Igual de atípica resulta una excepcional rareza: La fuerza inútil (1970), de Carlos Enrique Taboada, con un brillante Rafael Baledón como René Marbán, entomólogo burgués que decide estudiar a la juventud como si se tratase de insectos; en calidad de larvas de una torpeza y estupidez increíble. Los hace desnudarse, provoca accidentes e incluso una violación tumultuaria, con un reparto juvenil que incluía, entre otros, a las bellas Macaria, Verónica Castro, Gloria Leticia Ortiz, Rocío Romero, Silvia Mariscal, así como a Roberto Jordán y Juan Peláez. Al llegar del entierro de este último, Marbán les espeta: “Odio esas cosas. El culto a los muertos me parece repulsivo –pone un disco y se lo reclaman–. No sean ridículos. Ahora me van a salir con que guardan luto. Es un hecho biológico y punto. Son ustedes unos farsantes. ¿Dónde está esa filosofía optimista? ¿No que todo les importa muy poco y lo que cuenta es divertirse? De cuándo acá la muerte es un fenómeno tan serio: un melenudo más. A ver, ustedes que tanto lloran su muerte, Díganme, ¿para que servía? Es de lamentarse la ausencia de gentes que no pueden ser sustituidas. Pero júniors que lo único que saben hacer es tocar la guitarra y correr automóviles hay miles…”
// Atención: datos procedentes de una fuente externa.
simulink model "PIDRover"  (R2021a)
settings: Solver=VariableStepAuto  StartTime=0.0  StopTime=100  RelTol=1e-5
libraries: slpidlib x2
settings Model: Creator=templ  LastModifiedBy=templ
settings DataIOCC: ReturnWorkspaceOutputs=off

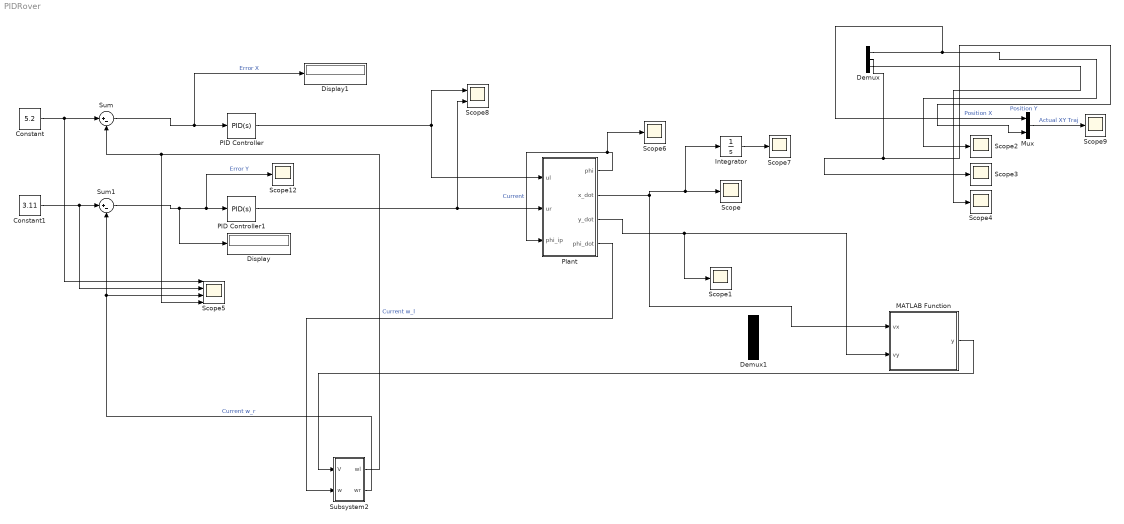
== system PIDRover ==
  Constant : Constant  Value=5.2
  Constant1 : Constant  Value=3.11
  Demux : Demux  Outputs=3
  Demux1 : Demux  Outputs=3
  Display : Display
  Display1 : Display
  Integrator : Integrator
  MATLAB Function : MATLAB Function  TreatAsAtomicUnit=on
  Mux : Mux  Inputs=2
  PID Controller : slpidlib/PID Controller  Controller=PID  Form=Parallel  TimeDomain=Continuous-time  UseExternalTs=off  SampleTime=-1  IntegratorMethod=Forward Euler  FilterMethod=Forward Euler  ControllerParametersSource=internal  P=10  I=1  D=5  UseFilter=on  N=100  TunerSelectOption=Transfer Function Based (PID Tuner App)  InitialConditionSource=internal  InitialConditionForIntegrator=0  InitialConditionForFilter=0  DifferentiatorICPrevScaledInput=0  ExternalReset=none  TrackingMode=off  Kt=1  LimitOutput=off  SatLimitsSource=internal  UpperSaturationLimit=inf  LowerSaturationLimit=-inf  LinearizeAsGain=on  AntiWindupMode=none  Kb=1  POutMin=[]  POutMax=[]  IOutMin=[]  IOutMax=[]  DOutMin=[]  DOutMax=[]  NOutMin=[]  NOutMax=[]  SumOutMin=[]  SumOutMax=[]  SaturationOutMin=[]  SaturationOutMax=[]  PParamMin=[]  PParamMax=[]  IParamMin=[]  IParamMax=[]  DParamMin=[]  DParamMax=[]  NParamMin=[]  NParamMax=[]  KbParamMin=[]  KbParamMax=[]  KtParamMin=[]  KtParamMax=[]  KbOutMin=[]  KbOutMax=[]  KtOutMin=[]  KtOutMax=[]  IntegratorOutMin=[]  IntegratorOutMax=[]  FilterOutMin=[]  FilterOutMax=[]  SumI1OutMin=[]  SumI1OutMax=[]  SumI2OutMin=[]  SumI2OutMax=[]  SumI3OutMin=[]  SumI3OutMax=[]  SumI4OutMin=[]  SumI4OutMax=[]  SumDOutMin=[]  SumDOutMax=[]  DifferentiatorOutMin=[]  DifferentiatorOutMax=[]  FilterDiffOutCoefMin=[]  FilterDiffOutCoefMax=[]  ReciprocalOutMin=[]  ReciprocalOutMax=[]  SumDenOutMin=[]  SumDenOutMax=[]  SumNumOutMin=[]  SumNumOutMax=[]  DivideOutMin=[]  DivideOutMax=[]  UdiffTsProdOutMin=[]  UdiffTsProdOutMax=[]  NTsProdOutMin=[]  NTsProdOutMax=[]  UintegralTsProdOutMin=[]  UintegralTsProdOutMax=[]  UngainTsProdOutMin=[]  UngainTsProdOutMax=[]  IntegratorContinuousStateAttributes=''  IntegratorStateMustResolveToSignalObject=off  IntegratorRTWStateStorageClass=Auto  FilterContinuousStateAttributes=''  FilterStateMustResolveToSignalObject=off  FilterRTWStateStorageClass=Auto  ParallelPVariant=InternalParameters  IdealPVariant=Disabled  IVariant=InternalParameters  DVariant=InternalParameters  IntegratorVariant=Continuous  SatVariant=Disabled  AWVariant=Passthrough  PCopyVariant=Disabled  TRVariant=Disabled  FdbkBlocksVariant=Forward  IdealPFdbkVariant=Disabled  SatFdbkVariant=Disabled  DerivativeFilterVariant=ContFilter  NVariant=InternalParameters  NCopyVariant=Disabled  FilterICVariant=InternalICsFilter  IntegratorICVariant=InternalICs  ExternalResetVariant=Disabled  TRSumVariant=Passthrough  SumFdbkVariant=Disabled  SumVariant=Sum_PID  TsampFilterVariant=InternalTs  TsampNgainVariant=Passthrough  TsampIntegralVariant=Passthrough  ExternalSaturationOutDataTypeStr=Inherit: Same as second input
  PID Controller1 : slpidlib/PID Controller  Controller=PID  Form=Parallel  TimeDomain=Continuous-time  UseExternalTs=off  SampleTime=-1  IntegratorMethod=Forward Euler  FilterMethod=Forward Euler  ControllerParametersSource=internal  P=10  I=1  D=5  UseFilter=on  N=100  TunerSelectOption=Transfer Function Based (PID Tuner App)  InitialConditionSource=internal  InitialConditionForIntegrator=0  InitialConditionForFilter=0  DifferentiatorICPrevScaledInput=0  ExternalReset=none  TrackingMode=off  Kt=1  LimitOutput=off  SatLimitsSource=internal  UpperSaturationLimit=inf  LowerSaturationLimit=-inf  LinearizeAsGain=on  AntiWindupMode=none  Kb=1  POutMin=[]  POutMax=[]  IOutMin=[]  IOutMax=[]  DOutMin=[]  DOutMax=[]  NOutMin=[]  NOutMax=[]  SumOutMin=[]  SumOutMax=[]  SaturationOutMin=[]  SaturationOutMax=[]  PParamMin=[]  PParamMax=[]  IParamMin=[]  IParamMax=[]  DParamMin=[]  DParamMax=[]  NParamMin=[]  NParamMax=[]  KbParamMin=[]  KbParamMax=[]  KtParamMin=[]  KtParamMax=[]  KbOutMin=[]  KbOutMax=[]  KtOutMin=[]  KtOutMax=[]  IntegratorOutMin=[]  IntegratorOutMax=[]  FilterOutMin=[]  FilterOutMax=[]  SumI1OutMin=[]  SumI1OutMax=[]  SumI2OutMin=[]  SumI2OutMax=[]  SumI3OutMin=[]  SumI3OutMax=[]  SumI4OutMin=[]  SumI4OutMax=[]  SumDOutMin=[]  SumDOutMax=[]  DifferentiatorOutMin=[]  DifferentiatorOutMax=[]  FilterDiffOutCoefMin=[]  FilterDiffOutCoefMax=[]  ReciprocalOutMin=[]  ReciprocalOutMax=[]  SumDenOutMin=[]  SumDenOutMax=[]  SumNumOutMin=[]  SumNumOutMax=[]  DivideOutMin=[]  DivideOutMax=[]  UdiffTsProdOutMin=[]  UdiffTsProdOutMax=[]  NTsProdOutMin=[]  NTsProdOutMax=[]  UintegralTsProdOutMin=[]  UintegralTsProdOutMax=[]  UngainTsProdOutMin=[]  UngainTsProdOutMax=[]  IntegratorContinuousStateAttributes=''  IntegratorStateMustResolveToSignalObject=off  IntegratorRTWStateStorageClass=Auto  FilterContinuousStateAttributes=''  FilterStateMustResolveToSignalObject=off  FilterRTWStateStorageClass=Auto  ParallelPVariant=InternalParameters  IdealPVariant=Disabled  IVariant=InternalParameters  DVariant=InternalParameters  IntegratorVariant=Continuous  SatVariant=Disabled  AWVariant=Passthrough  PCopyVariant=Disabled  TRVariant=Disabled  FdbkBlocksVariant=Forward  IdealPFdbkVariant=Disabled  SatFdbkVariant=Disabled  DerivativeFilterVariant=ContFilter  NVariant=InternalParameters  NCopyVariant=Disabled  FilterICVariant=InternalICsFilter  IntegratorICVariant=InternalICs  ExternalResetVariant=Disabled  TRSumVariant=Passthrough  SumFdbkVariant=Disabled  SumVariant=Sum_PID  TsampFilterVariant=InternalTs  TsampNgainVariant=Passthrough  TsampIntegralVariant=Passthrough  ExternalSaturationOutDataTypeStr=Inherit: Same as second input
  Plant : Subsystem
  Scope{,1..4,6..7,9,12} (9 alike) : Scope
  Scope5 : Scope  NumInputPorts=4
  Scope8 : Scope  NumInputPorts=2
  Subsystem2 : Subsystem
  Sum : Sum  Inputs=|+-
  Sum1 : Sum  Inputs=|+-
  wires:
  Demux/1 -> Mux/1, Scope2/1  "Position X"
  Demux/2 -> Scope3/1, Mux/2  "Position Y"
  Demux/3 -> Scope4/1
  Mux/1 -> Scope9/1  "Actual XY Traj"
  Constant/1 -> Scope5/1, Sum/1
  Sum/1 -> Display1/1, PID Controller/1  "Error X"
  Constant1/1 -> Scope5/2, Sum1/1
  Sum1/1 -> Display/1, Scope12/1, PID Controller1/1  "Error Y"
  PID Controller/1 -> Plant/1(ul), Scope8/1
  PID Controller1/1 -> Scope8/2, Plant/2(ur)
  MATLAB Function/1(y) -> Subsystem2/1(V)
  Subsystem2/1(wl) -> Scope5/4, Sum/2  "Current w_l"
  Subsystem2/2(wr) -> Sum1/2, Scope5/3  "Current w_r"
  Plant/2(x_dot) -> MATLAB Function/1(vx), Integrator/1, Scope/1
  Plant/3(y_dot) -> Scope1/1, MATLAB Function/2(vy)
  Plant/1(phi) -> Scope6/1, Plant/3(phi_ip)  "Current"
  Plant/4(phi_dot) -> Subsystem2/2(w)
  Integrator/1 -> Scope7/1

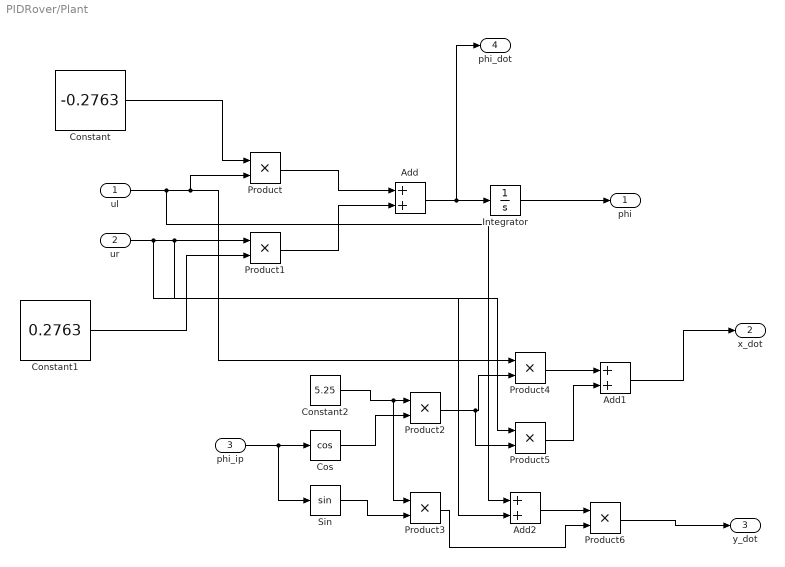
== system PIDRover/Plant ==
  ul : Inport
  ur : Inport  Port=2
  phi_ip : Inport  Port=3
  Add : Sum
  Add1 : Sum
  Add2 : Sum
  Constant : Constant  Value=-0.2763
  Constant1 : Constant  Value=0.2763
  Constant2 : Constant  Value=5.25
  Cos : Trigonometry  Operator=cos
  Integrator : Integrator
  Product{,1..6} (7 alike) : Product
  Sin : Trigonometry
  phi : Outport
  x_dot : Outport  Port=2
  y_dot : Outport  Port=3
  phi_dot : Outport  Port=4
  wires:
  ur/1 -> Add2/2, Product5/1, Product1/1
  Product/1 -> Add/1
  Integrator/1 -> phi/1
  Product1/1 -> Add/2
  Constant1/1 -> Product1/2
  Add/1 -> phi_dot/1, Integrator/1
  ul/1 -> Add2/1, Product4/1, Product/2
  Constant/1 -> Product/1
  phi_ip/1 -> Sin/1, Cos/1
  Cos/1 -> Product2/2
  Constant2/1 -> Product3/1, Product2/1
  Sin/1 -> Product3/2
  Product2/1 -> Product5/2, Product4/2
  Product4/1 -> Add1/1
  Product5/1 -> Add1/2
  Add1/1 -> x_dot/1
  Add2/1 -> Product6/1
  Product3/1 -> Product6/2
  Product6/1 -> y_dot/1

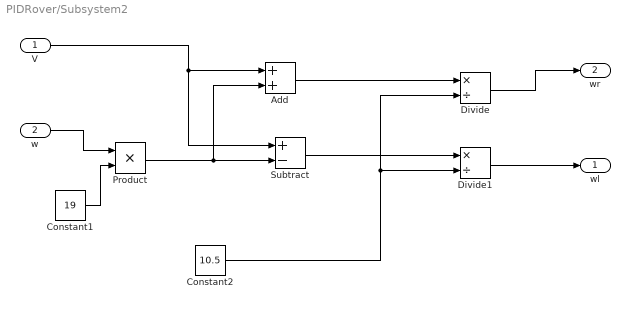
== system PIDRover/Subsystem2 ==
  V : Inport
  w : Inport  Port=2
  Add : Sum
  Constant1 : Constant  Value=19
  Constant2 : Constant  Value=10.5
  Divide : Product  Inputs=*/
  Divide1 : Product  Inputs=*/
  Product : Product
  Subtract : Sum  Inputs=+-
  wl : Outport
  wr : Outport  Port=2
  wires:
  V/1 -> Subtract/1, Add/1
  Add/1 -> Divide/1
  Constant2/1 -> Divide1/2, Divide/2
  Subtract/1 -> Divide1/1
  Product/1 -> Subtract/2, Add/2
  Divide1/1 -> wl/1
  Divide/1 -> wr/1
  Constant1/1 -> Product/2
  w/1 -> Product/1

== matlab function PIDRover/MATLAB Function ==
  data: vx input; y output; vy input
function y = fcn(vx,vy)
vnet=sqrt((vx^2)+(vy^2));



y = vnet;

A Macaria le dice: “No me gusta tu mundo. Porque es un mundo grotesco para cobardes y estúpidos…” Luego la besa. Al escuchar una canción compuesta por dos de los chicos “de la onda de ‘El amor es triste’, pero que tiene más feeling”, le comenta a Romero, a quien también besa: “Es buena: bastante estúpida. Va a gustar. Si hubieras leído algo más que la tira cómica de los periódicos, podrías darte cuenta de que la letra está llena de ramplonerías, de lugares comunes. Pero como es la primera vez que las escuchas, te parecen extraordinarias: lo máximo…” Al final, cuando Marbán y su mayordomo (Harry Gainer) observan un muro pintarrajeado grotescamente por los muchachos, aquel pontifica: “Eso, Víctor: es la huella de la juventud.” Originalmente, la cinta se titulaba Go-Go imbécil.

Finalmente y, pese a su brevedad, una afrenta de una contundencia brutal y abrumadora es la sentencia que lanza el extraordinario Miguel Inclán en su papel de invidente en Los olvidados (1950), de Luis Buñuel coescrita con Luis Alcoriza; una suerte de documento sociológico sobre el crimen, la violencia y la falta de oportunidades para los jóvenes. Sus personajes, casi niños en una sociedad hostil que conforma delincuentes y víctimas sacrificables como lo refiere ese otro marginado, el Ciego Carmelo, al escuchar los disparos que acaban con el Jaibo (Roberto Cobo), dice: “¡Ya irán cayendo uno a uno! ¡Ojalá los mataran a todos antes de nacer…!, en una obra maestra de un realismo y una crudeza devastadora.